Question

ABC is a triangle with BC = 5. D is the foot of the perpendicular from A on BC. E is a point on CD such that BE = 3. The value of AB²-AE²+6CD is:

• A. 5
• B. 10
• C. 14
• D. 18
• E. 21

Answer 1

Answer: (E)

According to the question,

 

Using the Pythagorean theorem:

\[ AB^2 = BD^2 + AD^2, \quad AE^2 = DE^2 + AD^2 \]

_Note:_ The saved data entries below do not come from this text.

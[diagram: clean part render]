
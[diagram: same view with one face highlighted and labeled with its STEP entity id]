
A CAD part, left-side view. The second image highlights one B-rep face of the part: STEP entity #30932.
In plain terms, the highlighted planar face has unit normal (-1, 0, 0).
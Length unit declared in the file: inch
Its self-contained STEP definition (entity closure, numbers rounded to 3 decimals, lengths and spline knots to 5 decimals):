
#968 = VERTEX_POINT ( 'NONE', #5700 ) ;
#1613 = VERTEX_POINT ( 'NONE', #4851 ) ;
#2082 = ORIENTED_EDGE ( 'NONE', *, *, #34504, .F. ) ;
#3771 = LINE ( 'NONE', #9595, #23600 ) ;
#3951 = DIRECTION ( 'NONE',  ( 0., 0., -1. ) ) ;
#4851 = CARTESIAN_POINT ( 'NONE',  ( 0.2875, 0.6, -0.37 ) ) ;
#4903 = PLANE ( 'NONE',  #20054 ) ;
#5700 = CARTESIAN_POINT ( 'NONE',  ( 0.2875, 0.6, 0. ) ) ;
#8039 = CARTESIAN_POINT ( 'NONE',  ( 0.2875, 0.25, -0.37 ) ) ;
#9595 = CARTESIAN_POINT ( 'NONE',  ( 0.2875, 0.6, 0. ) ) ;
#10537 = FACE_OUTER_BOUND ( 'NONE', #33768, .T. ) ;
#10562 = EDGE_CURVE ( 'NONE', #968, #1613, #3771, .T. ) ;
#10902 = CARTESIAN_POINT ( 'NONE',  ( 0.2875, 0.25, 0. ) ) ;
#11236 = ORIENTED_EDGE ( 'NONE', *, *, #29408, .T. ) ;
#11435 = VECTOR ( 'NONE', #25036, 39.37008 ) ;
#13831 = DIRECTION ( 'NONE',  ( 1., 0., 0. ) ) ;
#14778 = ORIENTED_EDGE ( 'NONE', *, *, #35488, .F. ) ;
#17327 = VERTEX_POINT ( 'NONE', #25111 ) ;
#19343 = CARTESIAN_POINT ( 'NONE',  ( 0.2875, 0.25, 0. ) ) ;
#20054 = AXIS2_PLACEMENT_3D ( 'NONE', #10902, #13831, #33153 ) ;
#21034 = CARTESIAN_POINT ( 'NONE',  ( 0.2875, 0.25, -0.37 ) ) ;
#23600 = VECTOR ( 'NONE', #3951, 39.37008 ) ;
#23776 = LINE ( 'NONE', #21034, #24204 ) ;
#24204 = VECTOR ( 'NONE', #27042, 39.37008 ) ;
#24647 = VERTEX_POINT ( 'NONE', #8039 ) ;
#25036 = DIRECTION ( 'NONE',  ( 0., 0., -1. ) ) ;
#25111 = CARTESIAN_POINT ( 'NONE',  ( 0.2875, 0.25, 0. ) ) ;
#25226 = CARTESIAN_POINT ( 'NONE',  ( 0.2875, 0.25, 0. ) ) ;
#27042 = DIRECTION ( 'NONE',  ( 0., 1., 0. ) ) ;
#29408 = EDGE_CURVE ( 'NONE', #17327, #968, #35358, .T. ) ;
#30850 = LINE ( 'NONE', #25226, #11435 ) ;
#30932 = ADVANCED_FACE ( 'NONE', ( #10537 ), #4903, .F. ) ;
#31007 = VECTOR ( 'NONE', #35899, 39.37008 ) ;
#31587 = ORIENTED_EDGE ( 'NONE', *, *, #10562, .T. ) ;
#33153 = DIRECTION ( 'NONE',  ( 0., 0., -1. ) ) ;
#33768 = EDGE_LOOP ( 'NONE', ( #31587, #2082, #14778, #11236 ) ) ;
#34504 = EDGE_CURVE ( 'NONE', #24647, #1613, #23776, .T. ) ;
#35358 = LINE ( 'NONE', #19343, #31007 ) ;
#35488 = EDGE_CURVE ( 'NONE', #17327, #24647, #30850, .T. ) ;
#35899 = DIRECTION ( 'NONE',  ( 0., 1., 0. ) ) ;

Also, since \(BD = 3 - DE\), we substitute this into the expression:

\[ AB^2 - AE^2 + 6CD = BD^2 + AD^2 - (DE^2 + AD^2) + 6CD \]

Simplifying:

\[ AB^2 - AE^2 + 6CD = BD^2 - DE^2 + 6CD \] 

Now substitute \(BD = 3 - DE\):

\[ AB^2 - AE^2 + 6CD = (3 - DE)^2 - DE^2 + 6(DE + 2) \]

Expand terms:

\[ (3 - DE)^2 = 9 + DE^2 - 6DE \]

So:

\[ AB^2 - AE^2 + 6CD = (9 + DE^2 - 6DE) - DE^2 + 6DE + 12 \]

Combine like terms:

\[ AB^2 - AE^2 + 6CD = 9 + 12 = 21 \]

Final Answer:

\[ \boxed{21} \] 
Hence, Option E is the correct answer.